Re: [PATCH v2 4/4] selftests/resctrl: Add non-contiguous CBMs CAT test

From: Reinette Chatre
Date: Mon Jan 22 2024 - 12:32:11 EST


Hi Maciej,

On 1/21/2024 11:56 PM, Maciej Wieczór-Retman wrote:
> Hi!
>
> On 2024-01-19 at 08:39:31 -0800, Reinette Chatre wrote:
>> Hi Maciej,
>>
>> On 1/18/2024 11:37 PM, Maciej Wieczór-Retman wrote:
>>> On 2024-01-18 at 09:15:46 -0800, Reinette Chatre wrote:
>>>> On 1/18/2024 4:02 AM, Maciej Wieczór-Retman wrote:
>>>>> On 2024-01-17 at 10:49:06 -0800, Reinette Chatre wrote:
>>>>>> On 1/17/2024 12:26 AM, Maciej Wieczór-Retman wrote:
>>>>>>> On 2024-01-08 at 14:42:11 -0800, Reinette Chatre wrote:
>>>>>>>> On 12/12/2023 6:52 AM, Maciej Wieczor-Retman wrote:
>>>>
>>>>>>>>> + bit_center = count_bits(full_cache_mask) / 2;
>>>>>>>>> + cont_mask = full_cache_mask >> bit_center;
>>>>>>>>> +
>>>>>>>>> + /* Contiguous mask write check. */
>>>>>>>>> + snprintf(schemata, sizeof(schemata), "%lx", cont_mask);
>>>>>>>>> + ret = write_schemata("", schemata, uparams->cpu, test->resource);
>>>>>>>>> + if (ret)
>>>>>>>>> + return ret;
>>>>>>>>
>>>>>>>> How will user know what failed? I am seeing this single test exercise a few scenarios
>>>>>>>> and it is not obvious to me if the issue will be clear if this test,
>>>>>>>> noncont_cat_run_test(), fails.
>>>>>>>
>>>>>>> write_schemata() either succeeds with '0' or errors out with a negative value. If
>>>>>>> the contiguous mask write fails, write_schemata should print out what was wrong
>>>>>>> and I believe that the test will report an error rather than failure.
>>>>>>
>>>>>> Right. I am trying to understand whether the user will be able to decipher what failed
>>>>>> in case there is an error. Seems like in this case the user is expected to look at the
>>>>>> source code of the test to understand what the test was trying to do at the time it
>>>>>> encountered the failure. In this case user may be "lucky" that this test only has
>>>>>> one write_schemata() call _not_ followed by a ksft_print_msg() so user can use that
>>>>>> reasoning to figure out which write_schemata() failed to further dig what test was
>>>>>> trying to do.
>>>>>
>>>>> When a write_schemata() is executed the string that is being written gets
>>>>> printed. If there are multiple calls in a single tests and one fails I'd imagine
>>>>> it would be easy for the user to figure out which one failed.
>>>>
>>>> It would be easy for the user the figure out if (a) it is obvious to the user
>>>> what schema a particular write_schema() call attempted to write and (b) all the
>>>> write_schema() calls attempt to write different schema.
>>>
>>> Okay, your comment made me wonder if on error the schemata still is printed.
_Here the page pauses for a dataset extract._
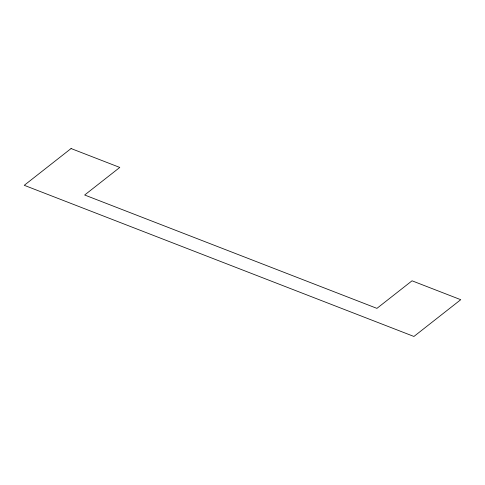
<?xml version="1.0" encoding="UTF-8"?>
<svg xmlns="http://www.w3.org/2000/svg" width="485" height="485" viewBox="0 0 485 485"><rect width="100%" height="100%" fill="white"/><g stroke="black" fill="none" stroke-linecap="round" stroke-linejoin="round"><path stroke-width="0.73" d="M71.071 148.543L24.25 185.306L413.929 336.457L460.75 299.694L412.038 280.803L376.924 308.369L84.663 195.006L119.783 167.44L71.071 148.543"/></g></svg>

I
>>> double checked in the code and whether write_schemata() fails or not it has a
>>> goto path where before returning it will print out the schema. So I believe that
>>> satisfies your (a) condition.
>>
>> Let me try with an example.
>> Scenario 1:
>> The test has the following code:
>> ...
>> write_schemata(..., "0xfff", ...);
>> ...
>> write_schemata(..., "0xf0f", ...);
>> ...
>>
>> Scenario 2:
>> The test has the following code:
>> ...
>> write_schemata(..., schemata, ...);
>> ...
>> write_schemata(..., schemata, ...);
>> ...
>>
>> Any failure of write_schemata() in scenario 1 will be easy to trace. As you
>> state, write_schemata() prints the schemata attempted and it will thus be
>> easy to look at the code to see which write_schemata() call failed since it
>> is obvious from the code which schemata was attempted.
>> A failure of one of the write_schemata() in scenario 2 will not be as easy
>> to trace since the user first needs to determine what the value of "schemata"
>> is at each call and that may depend on the platform, bit shifting done in test,
>> and state of system state at time of test.
>
> Doing things similar to scenario 1 would be great from a debugging perspective
> but since the masks can have different sizes putting literals there seems
> impossible.
>
> Maybe the code could be improved by putting an example CBM in the comment above
> a write_schemata() call? "For a 12 bit maximum CBM value, the contiguous
> schemata will look like '0x3f'" and "For a 12 bit maximum CBM value, the
> non-contiguous schemata will look like '0xf0f'"
>
> This seems like the closest I could get to what you're
> showing in scenario 1 (which I assume would be the best).

I am not asking you to use literals. I am trying to demonstrate that the only way
it would be obvious to the user where a failure is is when the test uses literals.
I continue to try to motivate for clear indication to user/developer what failed
when this test failed ... this could just be a ksft_print_msg() when the
write_schemata() call we are talking about fails.

>
>>> As for (b) depends on what you meant. Other tests that run more than one
>>> write_schemata() use different ones every time (CAT, MBM, MBA). Do you suggest
>>> that the non-contiguous test should attempt more schematas? For example shift
>>> the bit hole from one side to the other? I assumed one CBM with a centered bit
>>> hole would be enough to check if non-contiguous CBM feature works properly and
>>> more CBMs would be redundant.
>>
>> Let me try with an example.
>> Scenario 1:
>> The test has the following code:
>> ...
>> write_schemata(..., "0xfff", ...);
>> ...
>> write_schemata(..., "0xf0f", ...);
>> ...
>>
>> Scenario 2:
>> The test has the following code:
>> ...
>> write_schemata(..., "0xfff", ...);
>> ...
>> write_schemata(..., "0xfff", ...);
>> ...
>>
>> A failure of either write_schemata() in scenario 1 will be easy to trace since
>> the schemata attempted is different in each case. The schemata printed by the
>> write_schemata() error message can thus easily be connected to the specific
>> write_schemata() call.
>> A failure of either write_schemata() in scenario 2 is not so obvious since they
>> both attempted the same schemata so the error message printed by write_schemata()
>> could belong to either.
>
> I believe my code follows the first scenario example (since one schemata is half
> the full CBM, and the other one is the full CBM with a hole in the middle).

I know. This thread digressed into discussion about when it would be ok to
omit error message from caller of write_schemata().

> I'm sorry to drag this thread out but I want to be sure if I'm right or are you
> suggesting something and I missed it?

Please just add a ksft_print_msg() to noncont_cat_run_test() when this
write_schemata() fails.

Reinette